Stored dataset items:
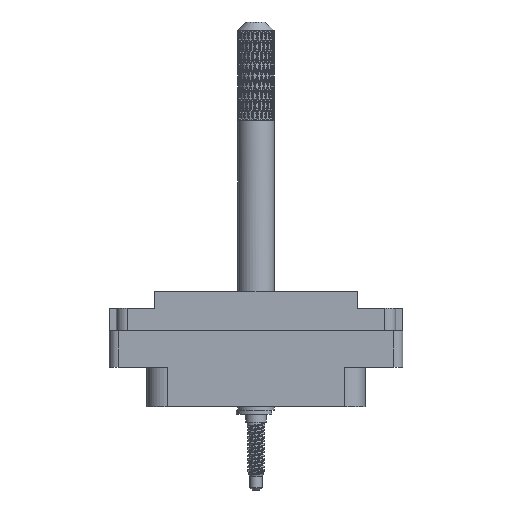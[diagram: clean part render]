
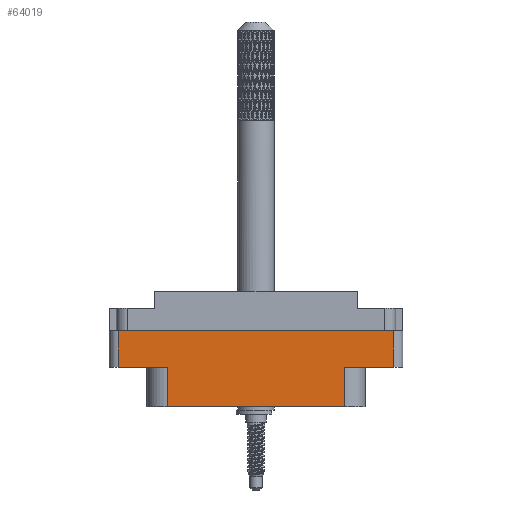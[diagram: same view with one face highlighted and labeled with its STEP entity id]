
A CAD part, front view. The second image highlights one B-rep face of the part: STEP entity #64019.
In plain terms, the highlighted planar face has unit normal (0, -1, 0).
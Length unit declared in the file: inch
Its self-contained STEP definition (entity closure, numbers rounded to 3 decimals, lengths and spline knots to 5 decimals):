
#245 = CARTESIAN_POINT ( 'NONE',  ( 0.938, -0.438, -0.268 ) ) ;
#680 = CARTESIAN_POINT ( 'NONE',  ( -0.604, -0.438, -0.789 ) ) ;
#1082 = CARTESIAN_POINT ( 'NONE',  ( 0., -0.438, -0.52 ) ) ;
#4551 = CARTESIAN_POINT ( 'NONE',  ( 0.938, -0.438, -0.789 ) ) ;
#5543 = EDGE_CURVE ( 'NONE', #8726, #59990, #82557, .T. ) ;
#6046 = CARTESIAN_POINT ( 'NONE',  ( -1., -0.438, -0.789 ) ) ;
#7404 = DIRECTION ( 'NONE',  ( 1., 0., 0. ) ) ;
#7987 = LINE ( 'NONE', #83530, #34355 ) ;
#8726 = VERTEX_POINT ( 'NONE', #21800 ) ;
#10724 = VERTEX_POINT ( 'NONE', #22398 ) ;
#11281 = LINE ( 'NONE', #13948, #26865 ) ;
#13948 = CARTESIAN_POINT ( 'NONE',  ( -0.938, -0.438, -0.789 ) ) ;
#14149 = VERTEX_POINT ( 'NONE', #53860 ) ;
#15186 = ORIENTED_EDGE ( 'NONE', *, *, #5543, .T. ) ;
#15342 = ORIENTED_EDGE ( 'NONE', *, *, #37380, .T. ) ;
#15374 = ORIENTED_EDGE ( 'NONE', *, *, #33138, .T. ) ;
#16524 = DIRECTION ( 'NONE',  ( 0., -1., 0. ) ) ;
#17547 = DIRECTION ( 'NONE',  ( -1., 0., 0. ) ) ;
#21800 = CARTESIAN_POINT ( 'NONE',  ( -0.604, -0.438, -0.52 ) ) ;
#22398 = CARTESIAN_POINT ( 'NONE',  ( 0.938, -0.438, -0.52 ) ) ;
#25348 = LINE ( 'NONE', #4551, #89129 ) ;
#26865 = VECTOR ( 'NONE', #44498, 39.37008 ) ;
#28429 = VECTOR ( 'NONE', #63629, 39.37008 ) ;
#30026 = DIRECTION ( 'NONE',  ( 1., 0., 0. ) ) ;
#32573 = VECTOR ( 'NONE', #7404, 39.37008 ) ;
#33138 = EDGE_CURVE ( 'NONE', #34162, #97625, #53818, .T. ) ;
#33865 = CARTESIAN_POINT ( 'NONE',  ( 0., -0.438, -0.268 ) ) ;
#34162 = VERTEX_POINT ( 'NONE', #80196 ) ;
#34355 = VECTOR ( 'NONE', #30026, 39.37008 ) ;
#35011 = FACE_OUTER_BOUND ( 'NONE', #72505, .T. ) ;
#37380 = EDGE_CURVE ( 'NONE', #59990, #34162, #68730, .T. ) ;
#39781 = ORIENTED_EDGE ( 'NONE', *, *, #75578, .F. ) ;
#40065 = ORIENTED_EDGE ( 'NONE', *, *, #92553, .T. ) ;
#40343 = LINE ( 'NONE', #33865, #76522 ) ;
#40910 = DIRECTION ( 'NONE',  ( 1., 0., 0. ) ) ;
#44498 = DIRECTION ( 'NONE',  ( 0., 0., -1. ) ) ;
#44998 = PLANE ( 'NONE',  #49450 ) ;
#49450 = AXIS2_PLACEMENT_3D ( 'NONE', #6046, #16524, #60165 ) ;
#51073 = CARTESIAN_POINT ( 'NONE',  ( 0.604, -0.438, -0.52 ) ) ;
#52240 = VECTOR ( 'NONE', #17547, 39.37008 ) ;
#53466 = CARTESIAN_POINT ( 'NONE',  ( -1., -0.438, -0.789 ) ) ;
#53818 = LINE ( 'NONE', #60327, #73075 ) ;
#53860 = CARTESIAN_POINT ( 'NONE',  ( -0.938, -0.438, -0.268 ) ) ;
#54671 = EDGE_CURVE ( 'NONE', #70202, #8726, #7987, .T. ) ;
#57642 = DIRECTION ( 'NONE',  ( 0., 0., 1. ) ) ;
#59990 = VERTEX_POINT ( 'NONE', #680 ) ;
#60165 = DIRECTION ( 'NONE',  ( 0., 0., -1. ) ) ;
#60327 = CARTESIAN_POINT ( 'NONE',  ( 0.604, -0.438, -0.52 ) ) ;
#63629 = DIRECTION ( 'NONE',  ( 0., 0., -1. ) ) ;
#64019 = ADVANCED_FACE ( 'NONE', ( #35011 ), #44998, .T. ) ;
#64554 = EDGE_CURVE ( 'NONE', #10724, #69077, #25348, .T. ) ;
#66853 = CARTESIAN_POINT ( 'NONE',  ( -0.938, -0.438, -0.52 ) ) ;
#68409 = DIRECTION ( 'NONE',  ( 0., 0., 1. ) ) ;
#68730 = LINE ( 'NONE', #53466, #32573 ) ;
#69077 = VERTEX_POINT ( 'NONE', #245 ) ;
#70202 = VERTEX_POINT ( 'NONE', #66853 ) ;
#72505 = EDGE_LOOP ( 'NONE', ( #39781, #40065, #89301, #15186, #15342, #15374, #75749, #73414 ) ) ;
#73075 = VECTOR ( 'NONE', #68409, 39.37008 ) ;
#73414 = ORIENTED_EDGE ( 'NONE', *, *, #64554, .T. ) ;
#75578 = EDGE_CURVE ( 'NONE', #14149, #69077, #40343, .T. ) ;
#75749 = ORIENTED_EDGE ( 'NONE', *, *, #77117, .F. ) ;
#76522 = VECTOR ( 'NONE', #40910, 39.37008 ) ;
#77117 = EDGE_CURVE ( 'NONE', #10724, #97625, #96691, .T. ) ;
#80196 = CARTESIAN_POINT ( 'NONE',  ( 0.604, -0.438, -0.789 ) ) ;
#82557 = LINE ( 'NONE', #85837, #28429 ) ;
#83530 = CARTESIAN_POINT ( 'NONE',  ( 0., -0.438, -0.52 ) ) ;
#85837 = CARTESIAN_POINT ( 'NONE',  ( -0.604, -0.438, -0.789 ) ) ;
#89129 = VECTOR ( 'NONE', #57642, 39.37008 ) ;
#89301 = ORIENTED_EDGE ( 'NONE', *, *, #54671, .T. ) ;
#92553 = EDGE_CURVE ( 'NONE', #14149, #70202, #11281, .T. ) ;
#96691 = LINE ( 'NONE', #1082, #52240 ) ;
#97625 = VERTEX_POINT ( 'NONE', #51073 ) ;

**Exercise aim:**
Output the entries above exactly, without their pictures.

**Answer to this exercise:**
[diagram: clean part render]
[diagram: same view with one face highlighted and labeled with its STEP entity id]
A CAD part, front view. The second image highlights one B-rep face of the part: STEP entity #64019.
In plain terms, the highlighted planar face has unit normal (0, -1, 0).
Length unit declared in the file: inch
Its self-contained STEP definition (entity closure, numbers rounded to 3 decimals, lengths and spline knots to 5 decimals):
#245 = CARTESIAN_POINT ( 'NONE',  ( 0.938, -0.438, -0.268 ) ) ;
#680 = CARTESIAN_POINT ( 'NONE',  ( -0.604, -0.438, -0.789 ) ) ;
#1082 = CARTESIAN_POINT ( 'NONE',  ( 0., -0.438, -0.52 ) ) ;
#4551 = CARTESIAN_POINT ( 'NONE',  ( 0.938, -0.438, -0.789 ) ) ;
#5543 = EDGE_CURVE ( 'NONE', #8726, #59990, #82557, .T. ) ;
#6046 = CARTESIAN_POINT ( 'NONE',  ( -1., -0.438, -0.789 ) ) ;
#7404 = DIRECTION ( 'NONE',  ( 1., 0., 0. ) ) ;
#7987 = LINE ( 'NONE', #83530, #34355 ) ;
#8726 = VERTEX_POINT ( 'NONE', #21800 ) ;
#10724 = VERTEX_POINT ( 'NONE', #22398 ) ;
#11281 = LINE ( 'NONE', #13948, #26865 ) ;
#13948 = CARTESIAN_POINT ( 'NONE',  ( -0.938, -0.438, -0.789 ) ) ;
#14149 = VERTEX_POINT ( 'NONE', #53860 ) ;
#15186 = ORIENTED_EDGE ( 'NONE', *, *, #5543, .T. ) ;
#15342 = ORIENTED_EDGE ( 'NONE', *, *, #37380, .T. ) ;
#15374 = ORIENTED_EDGE ( 'NONE', *, *, #33138, .T. ) ;
#16524 = DIRECTION ( 'NONE',  ( 0., -1., 0. ) ) ;
#17547 = DIRECTION ( 'NONE',  ( -1., 0., 0. ) ) ;
#21800 = CARTESIAN_POINT ( 'NONE',  ( -0.604, -0.438, -0.52 ) ) ;
#22398 = CARTESIAN_POINT ( 'NONE',  ( 0.938, -0.438, -0.52 ) ) ;
#25348 = LINE ( 'NONE', #4551, #89129 ) ;
#26865 = VECTOR ( 'NONE', #44498, 39.37008 ) ;
#28429 = VECTOR ( 'NONE', #63629, 39.37008 ) ;
#30026 = DIRECTION ( 'NONE',  ( 1., 0., 0. ) ) ;
#32573 = VECTOR ( 'NONE', #7404, 39.37008 ) ;
#33138 = EDGE_CURVE ( 'NONE', #34162, #97625, #53818, .T. ) ;
#33865 = CARTESIAN_POINT ( 'NONE',  ( 0., -0.438, -0.268 ) ) ;
#34162 = VERTEX_POINT ( 'NONE', #80196 ) ;
#34355 = VECTOR ( 'NONE', #30026, 39.37008 ) ;
#35011 = FACE_OUTER_BOUND ( 'NONE', #72505, .T. ) ;
#37380 = EDGE_CURVE ( 'NONE', #59990, #34162, #68730, .T. ) ;
#39781 = ORIENTED_EDGE ( 'NONE', *, *, #75578, .F. ) ;
#40065 = ORIENTED_EDGE ( 'NONE', *, *, #92553, .T. ) ;
#40343 = LINE ( 'NONE', #33865, #76522 ) ;
#40910 = DIRECTION ( 'NONE',  ( 1., 0., 0. ) ) ;
#44498 = DIRECTION ( 'NONE',  ( 0., 0., -1. ) ) ;
#44998 = PLANE ( 'NONE',  #49450 ) ;
#49450 = AXIS2_PLACEMENT_3D ( 'NONE', #6046, #16524, #60165 ) ;
#51073 = CARTESIAN_POINT ( 'NONE',  ( 0.604, -0.438, -0.52 ) ) ;
#52240 = VECTOR ( 'NONE', #17547, 39.37008 ) ;
#53466 = CARTESIAN_POINT ( 'NONE',  ( -1., -0.438, -0.789 ) ) ;
#53818 = LINE ( 'NONE', #60327, #73075 ) ;
#53860 = CARTESIAN_POINT ( 'NONE',  ( -0.938, -0.438, -0.268 ) ) ;
#54671 = EDGE_CURVE ( 'NONE', #70202, #8726, #7987, .T. ) ;
#57642 = DIRECTION ( 'NONE',  ( 0., 0., 1. ) ) ;
#59990 = VERTEX_POINT ( 'NONE', #680 ) ;
#60165 = DIRECTION ( 'NONE',  ( 0., 0., -1. ) ) ;
#60327 = CARTESIAN_POINT ( 'NONE',  ( 0.604, -0.438, -0.52 ) ) ;
#63629 = DIRECTION ( 'NONE',  ( 0., 0., -1. ) ) ;
#64019 = ADVANCED_FACE ( 'NONE', ( #35011 ), #44998, .T. ) ;
#64554 = EDGE_CURVE ( 'NONE', #10724, #69077, #25348, .T. ) ;
#66853 = CARTESIAN_POINT ( 'NONE',  ( -0.938, -0.438, -0.52 ) ) ;
#68409 = DIRECTION ( 'NONE',  ( 0., 0., 1. ) ) ;
#68730 = LINE ( 'NONE', #53466, #32573 ) ;
#69077 = VERTEX_POINT ( 'NONE', #245 ) ;
#70202 = VERTEX_POINT ( 'NONE', #66853 ) ;
#72505 = EDGE_LOOP ( 'NONE', ( #39781, #40065, #89301, #15186, #15342, #15374, #75749, #73414 ) ) ;
#73075 = VECTOR ( 'NONE', #68409, 39.37008 ) ;
#73414 = ORIENTED_EDGE ( 'NONE', *, *, #64554, .T. ) ;
#75578 = EDGE_CURVE ( 'NONE', #14149, #69077, #40343, .T. ) ;
#75749 = ORIENTED_EDGE ( 'NONE', *, *, #77117, .F. ) ;
#76522 = VECTOR ( 'NONE', #40910, 39.37008 ) ;
#77117 = EDGE_CURVE ( 'NONE', #10724, #97625, #96691, .T. ) ;
#80196 = CARTESIAN_POINT ( 'NONE',  ( 0.604, -0.438, -0.789 ) ) ;
#82557 = LINE ( 'NONE', #85837, #28429 ) ;
#83530 = CARTESIAN_POINT ( 'NONE',  ( 0., -0.438, -0.52 ) ) ;
#85837 = CARTESIAN_POINT ( 'NONE',  ( -0.604, -0.438, -0.789 ) ) ;
#89129 = VECTOR ( 'NONE', #57642, 39.37008 ) ;
#89301 = ORIENTED_EDGE ( 'NONE', *, *, #54671, .T. ) ;
#92553 = EDGE_CURVE ( 'NONE', #14149, #70202, #11281, .T. ) ;
#96691 = LINE ( 'NONE', #1082, #52240 ) ;
#97625 = VERTEX_POINT ( 'NONE', #51073 ) ;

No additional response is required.